◆ **What is required**:
The lines you need are those holding the word "parallel"; pull them from the material.

[Given records Boundary: Start]

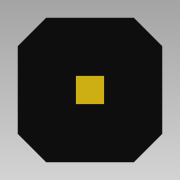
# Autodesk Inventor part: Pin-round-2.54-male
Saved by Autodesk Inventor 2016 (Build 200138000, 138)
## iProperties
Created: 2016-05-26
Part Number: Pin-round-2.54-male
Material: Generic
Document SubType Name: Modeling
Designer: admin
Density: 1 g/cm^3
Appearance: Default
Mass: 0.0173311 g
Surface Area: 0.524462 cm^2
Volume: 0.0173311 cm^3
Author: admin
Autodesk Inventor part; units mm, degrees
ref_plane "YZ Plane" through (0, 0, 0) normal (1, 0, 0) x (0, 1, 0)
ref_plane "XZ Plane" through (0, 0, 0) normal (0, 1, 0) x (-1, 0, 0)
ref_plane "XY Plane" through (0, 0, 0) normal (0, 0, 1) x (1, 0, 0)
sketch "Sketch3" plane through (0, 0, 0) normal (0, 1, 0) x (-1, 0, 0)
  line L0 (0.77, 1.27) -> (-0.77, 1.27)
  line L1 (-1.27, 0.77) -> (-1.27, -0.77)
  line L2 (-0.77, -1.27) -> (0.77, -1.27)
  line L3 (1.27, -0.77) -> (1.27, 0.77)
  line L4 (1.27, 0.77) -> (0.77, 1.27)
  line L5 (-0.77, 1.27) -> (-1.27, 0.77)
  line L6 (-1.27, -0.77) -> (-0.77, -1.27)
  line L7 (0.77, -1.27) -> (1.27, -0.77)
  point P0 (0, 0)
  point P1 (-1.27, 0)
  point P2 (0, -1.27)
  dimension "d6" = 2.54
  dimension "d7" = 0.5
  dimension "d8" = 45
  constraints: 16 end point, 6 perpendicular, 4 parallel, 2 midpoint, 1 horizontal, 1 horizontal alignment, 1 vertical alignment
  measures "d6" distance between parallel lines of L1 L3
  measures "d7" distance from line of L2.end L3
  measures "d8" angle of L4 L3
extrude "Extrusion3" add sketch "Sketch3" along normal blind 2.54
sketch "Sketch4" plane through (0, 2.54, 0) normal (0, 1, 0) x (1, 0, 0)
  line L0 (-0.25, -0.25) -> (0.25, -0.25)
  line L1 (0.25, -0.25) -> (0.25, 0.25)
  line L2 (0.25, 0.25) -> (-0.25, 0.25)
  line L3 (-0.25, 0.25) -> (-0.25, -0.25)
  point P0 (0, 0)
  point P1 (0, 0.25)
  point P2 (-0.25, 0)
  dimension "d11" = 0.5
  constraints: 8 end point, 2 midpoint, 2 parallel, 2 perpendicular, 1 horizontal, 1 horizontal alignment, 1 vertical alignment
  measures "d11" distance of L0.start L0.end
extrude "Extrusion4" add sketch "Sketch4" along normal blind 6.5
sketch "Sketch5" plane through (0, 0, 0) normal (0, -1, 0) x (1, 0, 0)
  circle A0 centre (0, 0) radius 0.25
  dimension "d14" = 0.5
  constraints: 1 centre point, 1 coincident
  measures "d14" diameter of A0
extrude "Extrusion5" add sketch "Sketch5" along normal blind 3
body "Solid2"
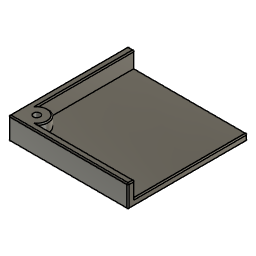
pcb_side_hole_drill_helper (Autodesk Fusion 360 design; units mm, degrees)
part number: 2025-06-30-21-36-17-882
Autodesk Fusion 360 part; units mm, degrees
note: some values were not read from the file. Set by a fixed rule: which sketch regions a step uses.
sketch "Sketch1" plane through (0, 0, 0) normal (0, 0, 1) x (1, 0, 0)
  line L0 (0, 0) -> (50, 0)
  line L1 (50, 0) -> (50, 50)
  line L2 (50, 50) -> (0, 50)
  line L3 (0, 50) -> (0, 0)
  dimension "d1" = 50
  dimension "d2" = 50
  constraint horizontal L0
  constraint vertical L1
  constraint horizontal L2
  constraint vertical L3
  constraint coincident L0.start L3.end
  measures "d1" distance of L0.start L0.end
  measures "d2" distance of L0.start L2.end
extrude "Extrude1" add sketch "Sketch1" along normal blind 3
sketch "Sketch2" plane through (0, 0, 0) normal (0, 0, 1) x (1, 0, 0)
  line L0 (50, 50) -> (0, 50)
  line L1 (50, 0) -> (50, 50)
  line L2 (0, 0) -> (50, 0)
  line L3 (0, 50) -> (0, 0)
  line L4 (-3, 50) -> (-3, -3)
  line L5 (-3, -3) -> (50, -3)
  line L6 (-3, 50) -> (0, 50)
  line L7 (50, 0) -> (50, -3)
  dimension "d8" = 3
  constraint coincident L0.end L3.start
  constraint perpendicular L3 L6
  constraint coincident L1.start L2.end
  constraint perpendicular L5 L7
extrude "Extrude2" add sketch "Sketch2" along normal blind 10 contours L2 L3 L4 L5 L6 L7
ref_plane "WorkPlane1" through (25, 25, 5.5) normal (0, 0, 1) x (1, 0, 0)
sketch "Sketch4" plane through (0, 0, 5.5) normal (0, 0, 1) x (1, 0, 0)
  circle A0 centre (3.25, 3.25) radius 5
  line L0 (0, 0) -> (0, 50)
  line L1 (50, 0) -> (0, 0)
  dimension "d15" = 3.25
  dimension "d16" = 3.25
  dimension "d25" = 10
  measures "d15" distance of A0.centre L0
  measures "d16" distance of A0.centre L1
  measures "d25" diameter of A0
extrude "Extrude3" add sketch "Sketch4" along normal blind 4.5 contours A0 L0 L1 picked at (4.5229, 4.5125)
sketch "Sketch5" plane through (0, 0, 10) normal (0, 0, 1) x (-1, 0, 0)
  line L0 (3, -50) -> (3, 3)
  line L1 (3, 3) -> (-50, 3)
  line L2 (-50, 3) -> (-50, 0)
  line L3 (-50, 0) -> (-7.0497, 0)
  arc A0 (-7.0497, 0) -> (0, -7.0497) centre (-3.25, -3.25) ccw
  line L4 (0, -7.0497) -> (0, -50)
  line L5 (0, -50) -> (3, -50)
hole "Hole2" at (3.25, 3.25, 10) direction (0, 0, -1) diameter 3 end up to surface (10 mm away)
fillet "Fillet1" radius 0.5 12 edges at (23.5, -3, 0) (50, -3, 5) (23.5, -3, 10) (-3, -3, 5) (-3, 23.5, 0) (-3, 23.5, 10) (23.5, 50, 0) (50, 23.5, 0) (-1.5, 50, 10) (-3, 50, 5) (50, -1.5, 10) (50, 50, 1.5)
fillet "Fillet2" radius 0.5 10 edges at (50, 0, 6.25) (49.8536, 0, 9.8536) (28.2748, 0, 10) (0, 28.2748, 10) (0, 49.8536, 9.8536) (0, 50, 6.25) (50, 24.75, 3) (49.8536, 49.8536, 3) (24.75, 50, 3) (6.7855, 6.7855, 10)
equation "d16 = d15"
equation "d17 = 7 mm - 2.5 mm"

[Given records Boundary: End]

◆ **Reply to the task**:
  constraints: 16 end point, 6 perpendicular, 4 parallel, 2 midpoint, 1 horizontal, 1 horizontal alignment, 1 vertical alignment
  measures "d6" distance between parallel lines of L1 L3
  constraints: 8 end point, 2 midpoint, 2 parallel, 2 perpendicular, 1 horizontal, 1 horizontal alignment, 1 vertical alignment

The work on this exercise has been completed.